▶ _INSTRUCTIONS FOR THE TASK_: Scan the entries below for the word "rovina" and copy every line where it turns up.

▶ _AVAILABLE DATA_:

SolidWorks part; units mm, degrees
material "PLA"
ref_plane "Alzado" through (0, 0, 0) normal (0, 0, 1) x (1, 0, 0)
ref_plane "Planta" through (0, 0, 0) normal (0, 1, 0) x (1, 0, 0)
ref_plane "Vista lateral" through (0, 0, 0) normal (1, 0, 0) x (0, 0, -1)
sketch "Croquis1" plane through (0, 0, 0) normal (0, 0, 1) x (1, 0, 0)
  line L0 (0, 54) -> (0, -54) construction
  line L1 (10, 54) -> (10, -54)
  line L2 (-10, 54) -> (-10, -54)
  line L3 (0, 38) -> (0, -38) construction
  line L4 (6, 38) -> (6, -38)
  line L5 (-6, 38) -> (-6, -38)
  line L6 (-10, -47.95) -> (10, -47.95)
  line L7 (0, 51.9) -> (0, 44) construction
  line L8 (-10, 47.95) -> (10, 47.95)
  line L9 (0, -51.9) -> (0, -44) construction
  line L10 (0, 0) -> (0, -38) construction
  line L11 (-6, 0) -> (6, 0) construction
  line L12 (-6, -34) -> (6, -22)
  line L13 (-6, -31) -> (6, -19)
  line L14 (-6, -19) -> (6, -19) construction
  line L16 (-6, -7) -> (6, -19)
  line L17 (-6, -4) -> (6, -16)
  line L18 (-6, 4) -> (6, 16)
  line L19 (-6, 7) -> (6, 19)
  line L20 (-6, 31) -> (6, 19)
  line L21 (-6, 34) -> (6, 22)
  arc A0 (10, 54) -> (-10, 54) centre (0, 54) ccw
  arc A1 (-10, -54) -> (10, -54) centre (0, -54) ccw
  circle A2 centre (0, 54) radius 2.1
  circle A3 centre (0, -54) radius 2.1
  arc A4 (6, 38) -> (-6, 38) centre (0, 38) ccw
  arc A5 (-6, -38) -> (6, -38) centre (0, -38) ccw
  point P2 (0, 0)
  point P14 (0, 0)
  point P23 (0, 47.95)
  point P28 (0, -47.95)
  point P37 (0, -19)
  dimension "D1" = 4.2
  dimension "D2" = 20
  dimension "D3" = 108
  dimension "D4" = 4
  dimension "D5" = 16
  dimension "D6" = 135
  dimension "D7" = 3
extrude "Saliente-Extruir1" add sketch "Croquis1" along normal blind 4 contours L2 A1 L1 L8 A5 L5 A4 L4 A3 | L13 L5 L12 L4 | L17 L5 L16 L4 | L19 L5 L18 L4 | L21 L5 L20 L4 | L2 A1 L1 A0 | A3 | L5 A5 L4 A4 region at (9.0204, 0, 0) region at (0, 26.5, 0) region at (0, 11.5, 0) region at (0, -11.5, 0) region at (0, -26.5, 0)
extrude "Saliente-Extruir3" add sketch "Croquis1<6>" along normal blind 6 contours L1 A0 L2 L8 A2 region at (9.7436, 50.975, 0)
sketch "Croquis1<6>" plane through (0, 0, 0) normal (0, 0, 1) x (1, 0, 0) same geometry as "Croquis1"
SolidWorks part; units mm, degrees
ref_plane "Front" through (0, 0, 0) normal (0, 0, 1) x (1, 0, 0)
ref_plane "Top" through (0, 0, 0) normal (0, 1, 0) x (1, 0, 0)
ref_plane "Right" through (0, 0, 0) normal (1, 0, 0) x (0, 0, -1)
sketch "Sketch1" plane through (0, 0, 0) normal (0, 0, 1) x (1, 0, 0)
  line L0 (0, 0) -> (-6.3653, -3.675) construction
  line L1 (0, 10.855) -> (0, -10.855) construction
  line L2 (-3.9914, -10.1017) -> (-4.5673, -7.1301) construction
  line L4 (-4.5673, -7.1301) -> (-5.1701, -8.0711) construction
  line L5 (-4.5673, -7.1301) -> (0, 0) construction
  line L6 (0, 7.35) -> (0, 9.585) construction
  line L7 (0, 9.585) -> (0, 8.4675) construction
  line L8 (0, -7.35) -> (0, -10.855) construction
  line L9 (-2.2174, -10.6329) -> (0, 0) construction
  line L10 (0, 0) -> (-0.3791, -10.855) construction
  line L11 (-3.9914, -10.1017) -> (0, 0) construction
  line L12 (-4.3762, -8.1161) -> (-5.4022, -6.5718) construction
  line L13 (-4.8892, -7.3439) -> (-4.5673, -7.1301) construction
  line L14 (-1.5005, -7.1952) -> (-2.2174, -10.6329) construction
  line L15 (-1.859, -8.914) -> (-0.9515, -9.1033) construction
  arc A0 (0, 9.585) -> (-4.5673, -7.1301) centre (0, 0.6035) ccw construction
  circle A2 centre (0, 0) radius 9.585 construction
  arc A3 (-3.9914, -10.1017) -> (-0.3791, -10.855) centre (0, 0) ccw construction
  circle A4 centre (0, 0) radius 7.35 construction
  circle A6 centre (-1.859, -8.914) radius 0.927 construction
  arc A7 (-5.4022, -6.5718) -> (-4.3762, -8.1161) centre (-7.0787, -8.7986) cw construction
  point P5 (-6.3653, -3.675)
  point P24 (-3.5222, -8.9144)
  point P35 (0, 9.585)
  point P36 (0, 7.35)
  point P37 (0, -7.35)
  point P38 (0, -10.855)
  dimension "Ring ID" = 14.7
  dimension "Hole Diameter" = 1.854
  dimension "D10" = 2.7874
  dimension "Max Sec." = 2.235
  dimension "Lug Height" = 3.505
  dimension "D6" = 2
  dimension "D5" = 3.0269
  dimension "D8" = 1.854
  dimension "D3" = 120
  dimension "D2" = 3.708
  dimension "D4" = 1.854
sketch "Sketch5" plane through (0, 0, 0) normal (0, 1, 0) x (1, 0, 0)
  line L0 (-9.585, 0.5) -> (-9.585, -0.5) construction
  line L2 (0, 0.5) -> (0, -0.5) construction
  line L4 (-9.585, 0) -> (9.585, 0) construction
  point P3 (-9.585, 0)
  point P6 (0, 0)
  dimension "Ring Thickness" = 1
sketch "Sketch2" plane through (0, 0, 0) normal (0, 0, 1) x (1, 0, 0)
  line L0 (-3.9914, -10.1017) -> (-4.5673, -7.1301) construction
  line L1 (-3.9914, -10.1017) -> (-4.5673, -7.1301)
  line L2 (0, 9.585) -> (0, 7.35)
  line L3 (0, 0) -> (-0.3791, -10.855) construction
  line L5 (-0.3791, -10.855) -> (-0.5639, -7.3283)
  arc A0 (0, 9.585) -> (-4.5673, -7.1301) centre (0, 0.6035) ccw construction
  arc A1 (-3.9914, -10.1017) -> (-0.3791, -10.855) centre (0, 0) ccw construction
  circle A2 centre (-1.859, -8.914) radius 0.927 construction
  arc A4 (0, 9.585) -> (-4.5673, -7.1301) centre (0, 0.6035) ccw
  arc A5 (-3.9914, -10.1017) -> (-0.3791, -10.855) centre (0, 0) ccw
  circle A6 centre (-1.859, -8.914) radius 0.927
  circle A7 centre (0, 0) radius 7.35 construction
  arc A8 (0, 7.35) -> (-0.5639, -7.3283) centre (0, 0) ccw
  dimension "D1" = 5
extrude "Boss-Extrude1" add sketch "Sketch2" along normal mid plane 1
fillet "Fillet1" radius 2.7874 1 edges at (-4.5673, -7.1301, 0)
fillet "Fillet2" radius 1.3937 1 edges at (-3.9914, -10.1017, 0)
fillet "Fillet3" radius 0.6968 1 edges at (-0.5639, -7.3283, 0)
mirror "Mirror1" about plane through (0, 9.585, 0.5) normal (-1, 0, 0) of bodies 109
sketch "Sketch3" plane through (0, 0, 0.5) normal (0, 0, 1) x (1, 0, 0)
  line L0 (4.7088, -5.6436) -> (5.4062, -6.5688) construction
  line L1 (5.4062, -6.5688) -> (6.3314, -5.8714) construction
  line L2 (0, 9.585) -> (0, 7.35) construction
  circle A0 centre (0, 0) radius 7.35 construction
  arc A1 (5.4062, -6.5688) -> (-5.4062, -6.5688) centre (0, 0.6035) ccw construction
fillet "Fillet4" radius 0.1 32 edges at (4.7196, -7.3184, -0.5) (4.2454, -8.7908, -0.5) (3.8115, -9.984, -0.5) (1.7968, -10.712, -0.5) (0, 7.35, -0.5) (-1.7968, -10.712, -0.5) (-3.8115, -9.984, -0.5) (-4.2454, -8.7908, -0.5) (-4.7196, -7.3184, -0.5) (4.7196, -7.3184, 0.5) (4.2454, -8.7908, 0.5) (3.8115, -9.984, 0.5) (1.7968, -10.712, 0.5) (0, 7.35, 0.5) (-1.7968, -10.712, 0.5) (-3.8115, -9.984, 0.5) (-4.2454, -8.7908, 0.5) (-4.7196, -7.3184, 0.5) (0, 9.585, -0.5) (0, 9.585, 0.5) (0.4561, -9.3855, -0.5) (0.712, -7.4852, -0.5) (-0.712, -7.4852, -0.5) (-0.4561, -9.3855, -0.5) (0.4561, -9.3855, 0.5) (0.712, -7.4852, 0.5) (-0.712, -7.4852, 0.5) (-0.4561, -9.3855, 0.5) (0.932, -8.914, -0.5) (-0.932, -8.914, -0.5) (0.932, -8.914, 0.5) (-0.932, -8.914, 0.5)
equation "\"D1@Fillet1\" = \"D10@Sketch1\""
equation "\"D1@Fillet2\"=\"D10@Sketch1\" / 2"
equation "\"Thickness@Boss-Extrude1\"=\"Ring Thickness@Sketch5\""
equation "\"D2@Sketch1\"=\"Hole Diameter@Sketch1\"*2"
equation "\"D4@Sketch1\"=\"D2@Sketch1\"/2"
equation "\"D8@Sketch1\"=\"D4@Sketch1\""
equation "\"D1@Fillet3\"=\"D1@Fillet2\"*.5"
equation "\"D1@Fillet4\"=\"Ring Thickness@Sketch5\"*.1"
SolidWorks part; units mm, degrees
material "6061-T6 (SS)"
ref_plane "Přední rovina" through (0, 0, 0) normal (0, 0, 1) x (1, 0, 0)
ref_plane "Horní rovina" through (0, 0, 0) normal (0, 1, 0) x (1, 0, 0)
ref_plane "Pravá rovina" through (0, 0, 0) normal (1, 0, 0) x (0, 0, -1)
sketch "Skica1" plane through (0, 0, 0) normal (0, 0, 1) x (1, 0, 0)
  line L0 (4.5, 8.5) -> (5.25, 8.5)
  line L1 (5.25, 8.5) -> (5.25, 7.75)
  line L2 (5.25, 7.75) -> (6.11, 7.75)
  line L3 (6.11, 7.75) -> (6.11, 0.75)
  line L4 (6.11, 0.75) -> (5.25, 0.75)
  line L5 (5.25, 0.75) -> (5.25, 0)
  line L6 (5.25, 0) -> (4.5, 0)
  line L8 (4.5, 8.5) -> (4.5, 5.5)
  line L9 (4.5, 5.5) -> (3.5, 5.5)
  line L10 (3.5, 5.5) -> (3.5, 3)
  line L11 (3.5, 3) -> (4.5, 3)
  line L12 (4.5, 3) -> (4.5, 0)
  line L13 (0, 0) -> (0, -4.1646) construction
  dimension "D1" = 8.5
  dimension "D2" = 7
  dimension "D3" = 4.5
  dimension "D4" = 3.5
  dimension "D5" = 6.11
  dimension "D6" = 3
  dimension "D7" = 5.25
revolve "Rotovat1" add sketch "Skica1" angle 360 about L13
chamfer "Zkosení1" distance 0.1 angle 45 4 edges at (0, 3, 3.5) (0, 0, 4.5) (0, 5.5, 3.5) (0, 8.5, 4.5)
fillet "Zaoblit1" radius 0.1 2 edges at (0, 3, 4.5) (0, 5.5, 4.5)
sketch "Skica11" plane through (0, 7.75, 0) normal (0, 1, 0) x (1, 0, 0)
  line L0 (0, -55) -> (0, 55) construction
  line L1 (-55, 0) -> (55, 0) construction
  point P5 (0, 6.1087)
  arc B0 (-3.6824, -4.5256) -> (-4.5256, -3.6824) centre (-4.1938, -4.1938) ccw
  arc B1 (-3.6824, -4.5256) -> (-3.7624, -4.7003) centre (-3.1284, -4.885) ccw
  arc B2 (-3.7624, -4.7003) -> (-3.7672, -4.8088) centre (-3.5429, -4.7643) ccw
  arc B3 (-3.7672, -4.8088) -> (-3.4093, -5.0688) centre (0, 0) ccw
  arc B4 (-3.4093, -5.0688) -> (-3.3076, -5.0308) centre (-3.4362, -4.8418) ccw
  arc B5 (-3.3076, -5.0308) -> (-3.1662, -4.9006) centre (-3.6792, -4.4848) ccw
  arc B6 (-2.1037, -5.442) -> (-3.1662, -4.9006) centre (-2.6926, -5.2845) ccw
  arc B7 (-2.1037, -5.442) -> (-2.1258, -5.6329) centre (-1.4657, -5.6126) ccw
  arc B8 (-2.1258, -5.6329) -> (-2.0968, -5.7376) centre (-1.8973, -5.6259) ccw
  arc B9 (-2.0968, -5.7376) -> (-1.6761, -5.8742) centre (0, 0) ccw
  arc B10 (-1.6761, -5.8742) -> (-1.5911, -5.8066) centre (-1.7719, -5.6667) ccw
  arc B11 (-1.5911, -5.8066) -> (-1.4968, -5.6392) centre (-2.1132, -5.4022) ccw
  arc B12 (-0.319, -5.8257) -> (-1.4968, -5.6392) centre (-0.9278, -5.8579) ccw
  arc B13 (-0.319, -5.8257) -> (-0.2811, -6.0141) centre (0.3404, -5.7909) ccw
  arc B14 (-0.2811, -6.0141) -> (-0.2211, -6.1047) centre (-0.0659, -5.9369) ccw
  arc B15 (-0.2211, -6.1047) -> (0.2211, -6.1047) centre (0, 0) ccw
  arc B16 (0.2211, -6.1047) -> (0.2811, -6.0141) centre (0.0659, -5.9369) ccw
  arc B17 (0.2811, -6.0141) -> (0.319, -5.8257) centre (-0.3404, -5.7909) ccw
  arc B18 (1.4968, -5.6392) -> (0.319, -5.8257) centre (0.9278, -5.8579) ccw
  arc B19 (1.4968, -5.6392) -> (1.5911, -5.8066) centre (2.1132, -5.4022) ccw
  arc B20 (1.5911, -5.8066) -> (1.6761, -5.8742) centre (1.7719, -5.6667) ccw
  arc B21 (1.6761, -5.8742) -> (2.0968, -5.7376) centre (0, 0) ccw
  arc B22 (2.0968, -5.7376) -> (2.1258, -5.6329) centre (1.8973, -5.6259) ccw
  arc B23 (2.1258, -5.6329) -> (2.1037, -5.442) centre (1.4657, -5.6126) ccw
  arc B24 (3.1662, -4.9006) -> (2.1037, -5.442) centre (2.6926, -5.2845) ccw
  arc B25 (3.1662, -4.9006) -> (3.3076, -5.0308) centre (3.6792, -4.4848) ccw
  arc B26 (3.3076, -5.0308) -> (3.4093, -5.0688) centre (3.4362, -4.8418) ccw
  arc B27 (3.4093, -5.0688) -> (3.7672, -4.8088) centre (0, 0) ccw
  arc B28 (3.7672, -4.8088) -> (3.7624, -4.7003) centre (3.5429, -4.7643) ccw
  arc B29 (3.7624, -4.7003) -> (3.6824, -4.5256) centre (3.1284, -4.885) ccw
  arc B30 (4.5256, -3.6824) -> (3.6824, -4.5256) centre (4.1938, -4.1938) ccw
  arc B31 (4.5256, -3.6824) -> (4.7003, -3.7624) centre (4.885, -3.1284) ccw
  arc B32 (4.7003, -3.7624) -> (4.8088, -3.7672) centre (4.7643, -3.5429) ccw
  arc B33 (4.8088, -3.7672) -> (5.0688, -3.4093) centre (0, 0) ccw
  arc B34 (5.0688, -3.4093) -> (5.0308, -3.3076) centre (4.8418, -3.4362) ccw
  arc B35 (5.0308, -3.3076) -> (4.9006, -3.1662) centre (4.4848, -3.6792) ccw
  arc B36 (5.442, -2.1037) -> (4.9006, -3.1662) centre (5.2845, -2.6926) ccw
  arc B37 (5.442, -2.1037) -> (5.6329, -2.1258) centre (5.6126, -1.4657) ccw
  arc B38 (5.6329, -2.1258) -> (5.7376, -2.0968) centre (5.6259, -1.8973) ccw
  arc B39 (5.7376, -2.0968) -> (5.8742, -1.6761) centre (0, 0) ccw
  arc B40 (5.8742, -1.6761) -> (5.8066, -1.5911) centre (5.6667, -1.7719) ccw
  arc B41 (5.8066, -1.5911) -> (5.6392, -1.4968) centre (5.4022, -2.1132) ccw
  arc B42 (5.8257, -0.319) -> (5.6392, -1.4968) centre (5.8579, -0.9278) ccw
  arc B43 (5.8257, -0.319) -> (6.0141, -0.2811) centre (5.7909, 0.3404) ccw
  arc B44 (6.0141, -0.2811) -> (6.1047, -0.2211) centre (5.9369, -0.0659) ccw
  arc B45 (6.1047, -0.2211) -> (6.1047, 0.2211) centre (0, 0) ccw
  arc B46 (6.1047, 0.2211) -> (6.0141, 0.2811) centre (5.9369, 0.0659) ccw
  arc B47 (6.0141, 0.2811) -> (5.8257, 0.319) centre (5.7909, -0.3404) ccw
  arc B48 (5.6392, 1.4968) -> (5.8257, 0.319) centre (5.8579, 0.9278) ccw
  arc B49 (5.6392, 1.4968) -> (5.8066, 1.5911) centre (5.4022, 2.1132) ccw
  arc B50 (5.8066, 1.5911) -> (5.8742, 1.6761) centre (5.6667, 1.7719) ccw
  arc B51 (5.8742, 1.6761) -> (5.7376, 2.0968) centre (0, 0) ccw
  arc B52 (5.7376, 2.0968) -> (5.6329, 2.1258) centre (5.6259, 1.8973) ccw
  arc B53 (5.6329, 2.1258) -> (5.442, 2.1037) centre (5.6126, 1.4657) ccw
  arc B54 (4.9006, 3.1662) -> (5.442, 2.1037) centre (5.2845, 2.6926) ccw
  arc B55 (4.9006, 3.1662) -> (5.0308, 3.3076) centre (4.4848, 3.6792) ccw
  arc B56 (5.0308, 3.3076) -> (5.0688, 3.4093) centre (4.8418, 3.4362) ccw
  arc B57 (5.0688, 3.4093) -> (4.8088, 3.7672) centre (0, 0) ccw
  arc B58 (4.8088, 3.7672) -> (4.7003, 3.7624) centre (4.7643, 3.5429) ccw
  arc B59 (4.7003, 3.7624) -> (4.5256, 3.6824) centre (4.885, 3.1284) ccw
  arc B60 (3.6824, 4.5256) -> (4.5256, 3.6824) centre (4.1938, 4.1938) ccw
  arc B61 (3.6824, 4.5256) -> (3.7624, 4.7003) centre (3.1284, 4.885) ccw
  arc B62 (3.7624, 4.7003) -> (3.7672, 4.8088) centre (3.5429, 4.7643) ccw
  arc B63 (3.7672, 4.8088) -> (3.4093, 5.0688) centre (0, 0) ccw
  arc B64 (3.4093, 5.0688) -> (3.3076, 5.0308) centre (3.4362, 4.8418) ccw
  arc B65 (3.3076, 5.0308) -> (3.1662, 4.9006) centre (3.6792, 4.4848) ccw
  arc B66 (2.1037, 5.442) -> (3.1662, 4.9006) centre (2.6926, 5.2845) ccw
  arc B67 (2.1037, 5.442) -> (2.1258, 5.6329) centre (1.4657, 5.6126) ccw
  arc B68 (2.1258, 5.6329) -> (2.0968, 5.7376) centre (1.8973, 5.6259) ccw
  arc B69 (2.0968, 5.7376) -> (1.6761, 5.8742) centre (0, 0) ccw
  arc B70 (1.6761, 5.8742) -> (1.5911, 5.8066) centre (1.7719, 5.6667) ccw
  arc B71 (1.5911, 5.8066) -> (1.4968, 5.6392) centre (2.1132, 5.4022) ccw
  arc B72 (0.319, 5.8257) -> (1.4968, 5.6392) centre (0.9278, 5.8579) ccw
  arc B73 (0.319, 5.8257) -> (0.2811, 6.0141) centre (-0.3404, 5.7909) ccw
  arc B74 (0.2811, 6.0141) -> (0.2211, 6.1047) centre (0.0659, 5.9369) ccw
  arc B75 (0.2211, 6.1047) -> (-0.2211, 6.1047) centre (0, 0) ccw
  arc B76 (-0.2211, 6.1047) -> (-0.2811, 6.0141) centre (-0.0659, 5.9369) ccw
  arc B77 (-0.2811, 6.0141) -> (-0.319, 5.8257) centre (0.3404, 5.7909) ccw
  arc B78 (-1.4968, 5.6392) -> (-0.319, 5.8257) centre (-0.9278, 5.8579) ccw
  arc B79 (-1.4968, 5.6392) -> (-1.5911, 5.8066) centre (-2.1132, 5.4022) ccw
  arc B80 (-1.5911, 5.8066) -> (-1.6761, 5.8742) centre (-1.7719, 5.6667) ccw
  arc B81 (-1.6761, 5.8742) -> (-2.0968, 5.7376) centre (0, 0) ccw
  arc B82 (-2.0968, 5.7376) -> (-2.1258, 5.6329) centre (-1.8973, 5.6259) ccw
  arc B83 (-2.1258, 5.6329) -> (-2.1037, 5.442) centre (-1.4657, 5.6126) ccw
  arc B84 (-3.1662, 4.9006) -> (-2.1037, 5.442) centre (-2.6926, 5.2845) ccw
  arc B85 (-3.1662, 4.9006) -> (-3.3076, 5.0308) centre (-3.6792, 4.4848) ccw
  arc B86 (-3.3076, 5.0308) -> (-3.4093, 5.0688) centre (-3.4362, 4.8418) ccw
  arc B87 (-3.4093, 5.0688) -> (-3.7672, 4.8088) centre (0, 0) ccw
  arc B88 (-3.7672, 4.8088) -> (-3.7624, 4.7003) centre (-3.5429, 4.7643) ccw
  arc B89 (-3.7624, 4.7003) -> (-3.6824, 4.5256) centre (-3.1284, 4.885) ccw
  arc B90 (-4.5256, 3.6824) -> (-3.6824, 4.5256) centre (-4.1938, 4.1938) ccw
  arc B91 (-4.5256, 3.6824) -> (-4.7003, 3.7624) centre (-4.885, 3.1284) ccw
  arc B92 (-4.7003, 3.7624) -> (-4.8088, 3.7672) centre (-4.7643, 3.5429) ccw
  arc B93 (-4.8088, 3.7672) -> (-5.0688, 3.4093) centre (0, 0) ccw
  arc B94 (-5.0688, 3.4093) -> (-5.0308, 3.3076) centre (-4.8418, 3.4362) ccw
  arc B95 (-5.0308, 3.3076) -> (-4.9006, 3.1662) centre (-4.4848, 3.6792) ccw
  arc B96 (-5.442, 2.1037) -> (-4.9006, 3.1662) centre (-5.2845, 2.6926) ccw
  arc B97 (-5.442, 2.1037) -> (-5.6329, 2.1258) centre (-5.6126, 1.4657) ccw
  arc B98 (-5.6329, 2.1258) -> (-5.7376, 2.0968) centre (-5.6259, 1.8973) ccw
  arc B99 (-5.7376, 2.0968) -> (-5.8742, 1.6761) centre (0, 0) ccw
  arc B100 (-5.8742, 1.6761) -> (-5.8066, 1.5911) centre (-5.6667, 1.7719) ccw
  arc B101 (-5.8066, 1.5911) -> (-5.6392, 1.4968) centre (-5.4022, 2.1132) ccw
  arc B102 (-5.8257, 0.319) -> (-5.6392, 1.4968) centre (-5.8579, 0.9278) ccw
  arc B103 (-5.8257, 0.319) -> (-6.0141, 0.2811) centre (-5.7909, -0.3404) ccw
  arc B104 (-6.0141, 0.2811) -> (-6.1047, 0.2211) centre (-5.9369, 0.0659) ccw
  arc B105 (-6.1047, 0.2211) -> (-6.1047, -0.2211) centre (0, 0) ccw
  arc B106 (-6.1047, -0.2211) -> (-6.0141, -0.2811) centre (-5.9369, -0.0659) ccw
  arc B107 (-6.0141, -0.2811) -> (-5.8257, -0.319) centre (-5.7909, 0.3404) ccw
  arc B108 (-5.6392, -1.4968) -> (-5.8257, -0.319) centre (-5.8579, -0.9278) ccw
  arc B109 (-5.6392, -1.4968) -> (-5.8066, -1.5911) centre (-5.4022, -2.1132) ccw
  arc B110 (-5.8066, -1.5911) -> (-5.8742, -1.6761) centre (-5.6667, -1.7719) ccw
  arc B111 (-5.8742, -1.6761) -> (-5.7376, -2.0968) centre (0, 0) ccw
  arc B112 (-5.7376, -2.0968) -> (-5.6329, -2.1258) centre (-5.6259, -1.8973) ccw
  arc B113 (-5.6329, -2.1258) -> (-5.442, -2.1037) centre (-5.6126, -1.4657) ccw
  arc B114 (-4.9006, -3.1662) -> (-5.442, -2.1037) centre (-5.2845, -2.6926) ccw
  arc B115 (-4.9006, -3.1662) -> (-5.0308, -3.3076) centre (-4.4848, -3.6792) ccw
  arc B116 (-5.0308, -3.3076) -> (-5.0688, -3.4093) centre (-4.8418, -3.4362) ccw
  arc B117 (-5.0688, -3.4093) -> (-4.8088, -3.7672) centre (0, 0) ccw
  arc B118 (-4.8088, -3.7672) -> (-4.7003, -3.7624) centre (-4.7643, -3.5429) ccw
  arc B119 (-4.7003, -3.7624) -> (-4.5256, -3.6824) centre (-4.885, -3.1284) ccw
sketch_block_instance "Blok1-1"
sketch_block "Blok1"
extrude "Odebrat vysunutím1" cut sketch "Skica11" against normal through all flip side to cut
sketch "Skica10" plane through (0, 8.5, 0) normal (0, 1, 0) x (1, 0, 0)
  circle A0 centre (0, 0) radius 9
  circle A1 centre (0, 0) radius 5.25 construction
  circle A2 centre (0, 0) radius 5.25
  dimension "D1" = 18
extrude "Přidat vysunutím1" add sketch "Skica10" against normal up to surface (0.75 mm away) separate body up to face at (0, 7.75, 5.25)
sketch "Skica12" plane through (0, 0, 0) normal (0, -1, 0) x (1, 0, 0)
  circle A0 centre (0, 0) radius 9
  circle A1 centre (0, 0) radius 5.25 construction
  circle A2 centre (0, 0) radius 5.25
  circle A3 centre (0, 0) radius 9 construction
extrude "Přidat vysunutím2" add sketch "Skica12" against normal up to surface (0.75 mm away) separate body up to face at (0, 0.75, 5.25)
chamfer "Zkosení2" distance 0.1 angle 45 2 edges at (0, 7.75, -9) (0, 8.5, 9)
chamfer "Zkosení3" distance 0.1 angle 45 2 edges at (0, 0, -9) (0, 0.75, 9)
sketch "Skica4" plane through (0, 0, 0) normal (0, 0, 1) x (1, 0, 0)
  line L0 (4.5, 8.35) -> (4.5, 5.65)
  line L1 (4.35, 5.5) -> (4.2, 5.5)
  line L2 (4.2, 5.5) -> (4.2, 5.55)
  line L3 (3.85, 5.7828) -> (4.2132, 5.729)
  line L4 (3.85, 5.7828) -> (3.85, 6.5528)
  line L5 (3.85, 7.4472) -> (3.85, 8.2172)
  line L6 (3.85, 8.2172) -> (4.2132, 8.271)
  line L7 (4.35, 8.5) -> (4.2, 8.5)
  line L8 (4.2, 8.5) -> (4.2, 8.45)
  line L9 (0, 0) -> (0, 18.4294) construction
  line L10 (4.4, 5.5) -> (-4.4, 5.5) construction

▶ _SOLUTION TO THIS EXERCISE_:
ref_plane "Přední rovina" through (0, 0, 0) normal (0, 0, 1) x (1, 0, 0)
ref_plane "Horní rovina" through (0, 0, 0) normal (0, 1, 0) x (1, 0, 0)
ref_plane "Pravá rovina" through (0, 0, 0) normal (1, 0, 0) x (0, 0, -1)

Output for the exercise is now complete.